Title: MAPPING QTL FOR CARCASS COMPOSITION IN SWINE

Author
item Rohrer, Gary
item Keele, John

Submitted to: Plant and Animal Genome VX Conference Abstracts
Publication Type: Abstract Only
Publication Acceptance Date: 1/1/1998
Publication Date: N/A
Citation: N/A

Interpretive Summary:

Technical Abstract: A backcross population of Meishan by White composite pigs was produced to identify QTL affecting growth, carcass composition and reproduction. Forty-one F1 females were produced by reciprocally mating Meishan and White composite pigs. F1 females were then mated to either Meishan or White composite boars to produce 2 parities.
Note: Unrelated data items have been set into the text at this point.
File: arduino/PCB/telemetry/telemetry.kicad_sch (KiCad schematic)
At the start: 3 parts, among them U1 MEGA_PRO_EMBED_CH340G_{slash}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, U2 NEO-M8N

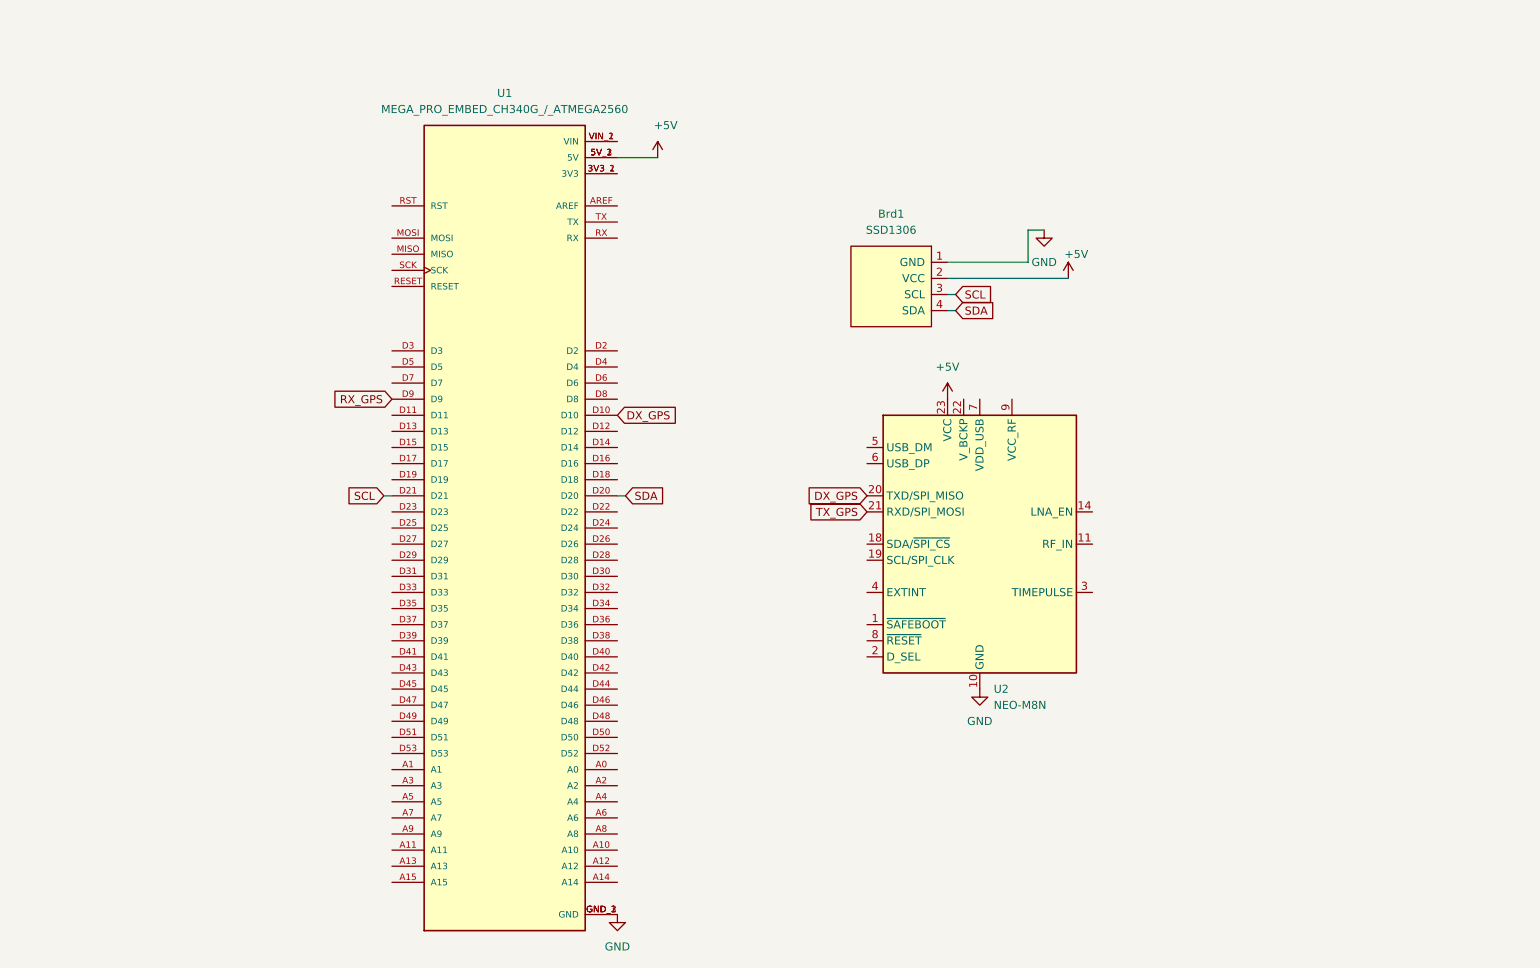
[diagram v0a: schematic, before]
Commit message: Add Feature of Revolutions
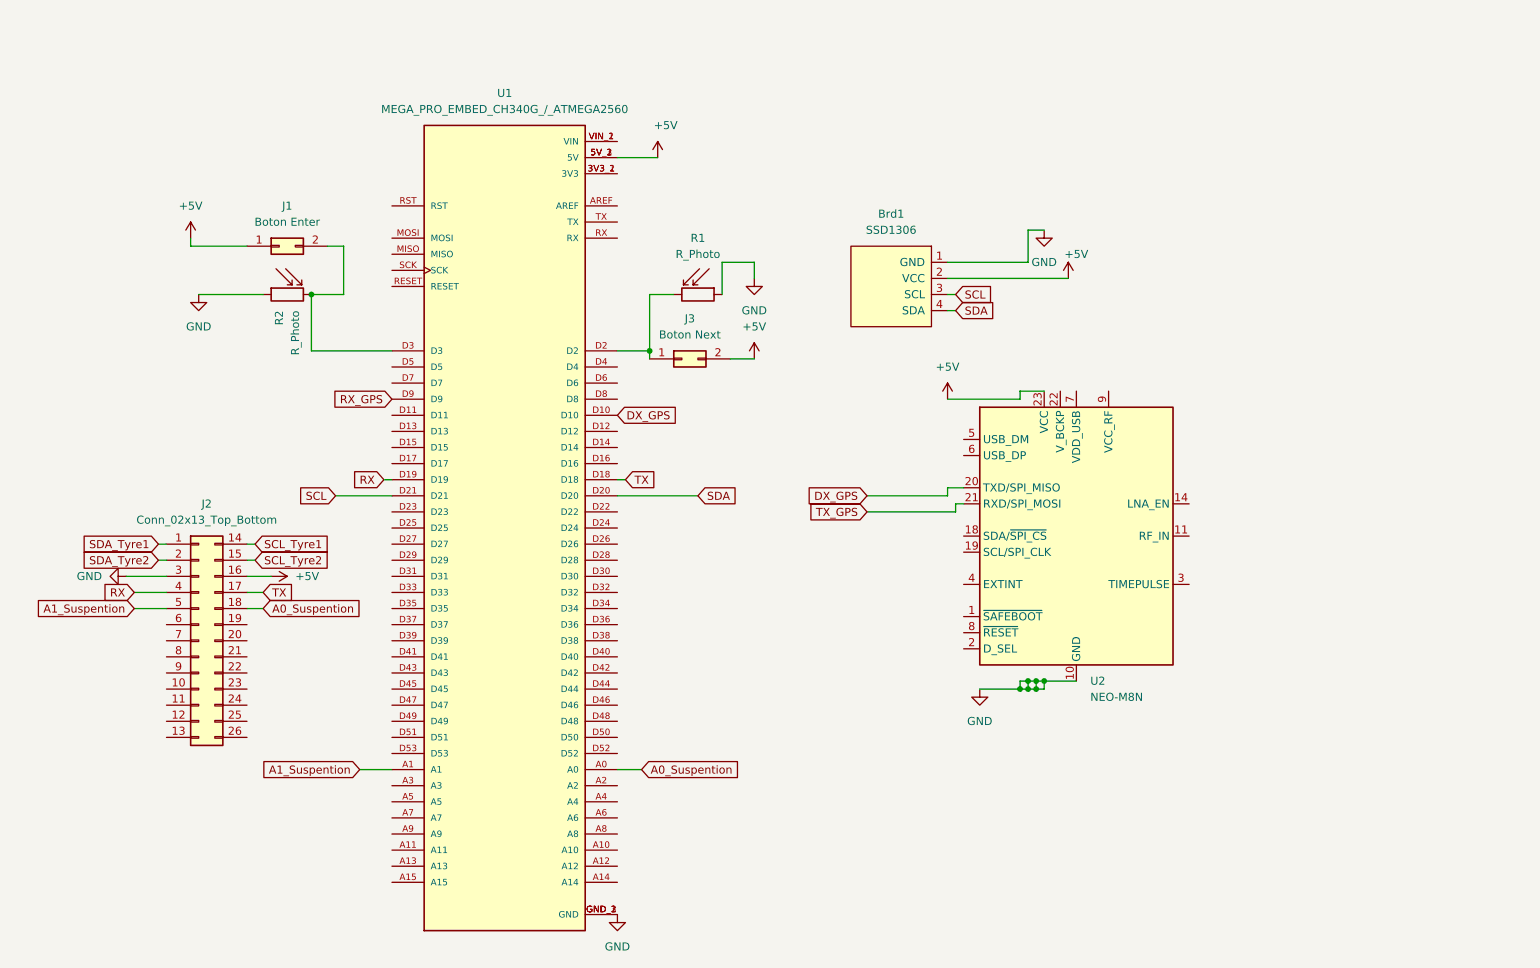
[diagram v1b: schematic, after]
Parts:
- added J1: Boton Enter, Button_Switch_SMD:SW_SPST_EVPBF, symbol Connector_Generic:Conn_02x01
- added J2: Conn_02x13_Top_Bottom, symbol Connector_Generic:Conn_02x13_Top_Bottom
- added J3: Boton Next, Button_Switch_SMD:SW_SPST_EVPBF, symbol Connector_Generic:Conn_02x01
- added R1, R2: R_Photo, Resistor_THT:R_Axial_DIN0204_L3.6mm_D1.6mm_P7.62mm_Horizontal, symbol Device:R_Photo
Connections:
- net +5V: now also J1.1 (Pin_1), J2.16 (Pin_16), J3.2 (Pin_2)
- net GND: now also J2.3 (Pin_3), R1.1, R2.1
- net A0_Suspention: now reaches U1.A0
- net A0_Suspention: now also J2.18 (Pin_18)
- net A1_Suspention: now reaches U1.A1
- net A1_Suspention: now also J2.5 (Pin_5)
- net TX: now reaches U1.D18
- net TX: now also J2.17 (Pin_17)
- net RX: now reaches U1.D19
- net RX: now also J2.4 (Pin_4)
- net at U1.D2: now also J3.1 (Pin_1), R1.2
- net at U1.D3: now also J1.2 (Pin_2), R2.2
- new net SCL_Tyre1: J2.14 (Pin_14)
- new net SCL_Tyre2: J2.15 (Pin_15)
- new net SDA_Tyre1: J2.1 (Pin_1)
- new net SDA_Tyre2: J2.2 (Pin_2)
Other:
- moved on the sheet: U2

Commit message: Linear Sensor
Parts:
- removed J2: Conn_02x13_Top_Bottom, symbol Connector_Generic:Conn_02x13_Top_Bottom
- added J4: DE9_Plug, Connector_JST:JST_EH_S9B-EH_1x09_P2.50mm_Horizontal, symbol Connector:DE9_Plug
- added U3: CR2013-MI2120, Display:CR2013-MI2120, symbol Driver_Display:CR2013-MI2120
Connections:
- net DX_GPS is gone; now on net TX_GPS: U1.D10, U2.20 (TXD/SPI_MISO)
- net +5V: now also J4.9, U3.1 (VCC)
- net A0_Suspention: now also J4.6
- net A1_Suspention: now also J4.7
- net GND: now also J4.5, U3.2 (GND)
- net RX_GPS: now also U2.21 (RXD/SPI_MOSI)
- net SCL: now also J4.1
- net SDA: now also J4.2
- net TX_GPS: no longer U2.21 (RXD/SPI_MOSI)
- net DC: now reaches U1.D29
- net DC: now also U3.5 (D/~{C}), U3.9 (MISO)
- net CS: now reaches U1.D30
- net CS: now also U3.3 (~{CS})
- net RST: now reaches U1.D31
- net RST: now also U3.4 (RESET)
- net at U1.MOSI: now also U3.6 (MOSI)
- net at U1.SCK: now also U3.7 (SCK)
- net VIN_2: now reaches U1.VIN_1 (VIN), U1.VIN_2 (VIN)
- net VIN_2: now also J4.8
- net RX renamed RPM
- net RPM: now also J4.3
- net TX: no longer names the net of U1.D18
- new net +3.3V: U3.8 (LED)
- new net +8V: J4.4

A genomic scan with markers at 20 cM intervals (n=156) was conducted across the entire population. Five hundred forty pigs were slaughtered at approximately 100 kg live weight and carcass measurements were recorded. Five measurements were collected for subcutaneous fat deposition (fat over the first, tenth and last ribs, over the last lumbar vertebra and average backfat), hot carcass weight, carcass length, loineye area, leaf fat and weight of untrimmed and trimmed wholesale products. Statistical analyses implemented a least-squares regression approach utilizing genotypic data for the entire chromosome. Each chromosome was analyzed separately. Fixed effects included in the model were contemporary group, sex and breed of sire. A covariate for hot carcass weight was fitted for analyses of all composition traits. Four genomic regions located on chromosomes 1, 4, 7 and X affected carcass traits at the genome wide level of significance of .05 (F-ratio > 9.3). Pleiotropic effects were detected for SSC1, 7 and X. These data did not detect QTL at previously identified regions for fat deposition on chromosomes 4 and 13 in a Wild boar by Large White population. Further studies need to be implemented to refine the location of the QTL and determine potential positional candidate genes.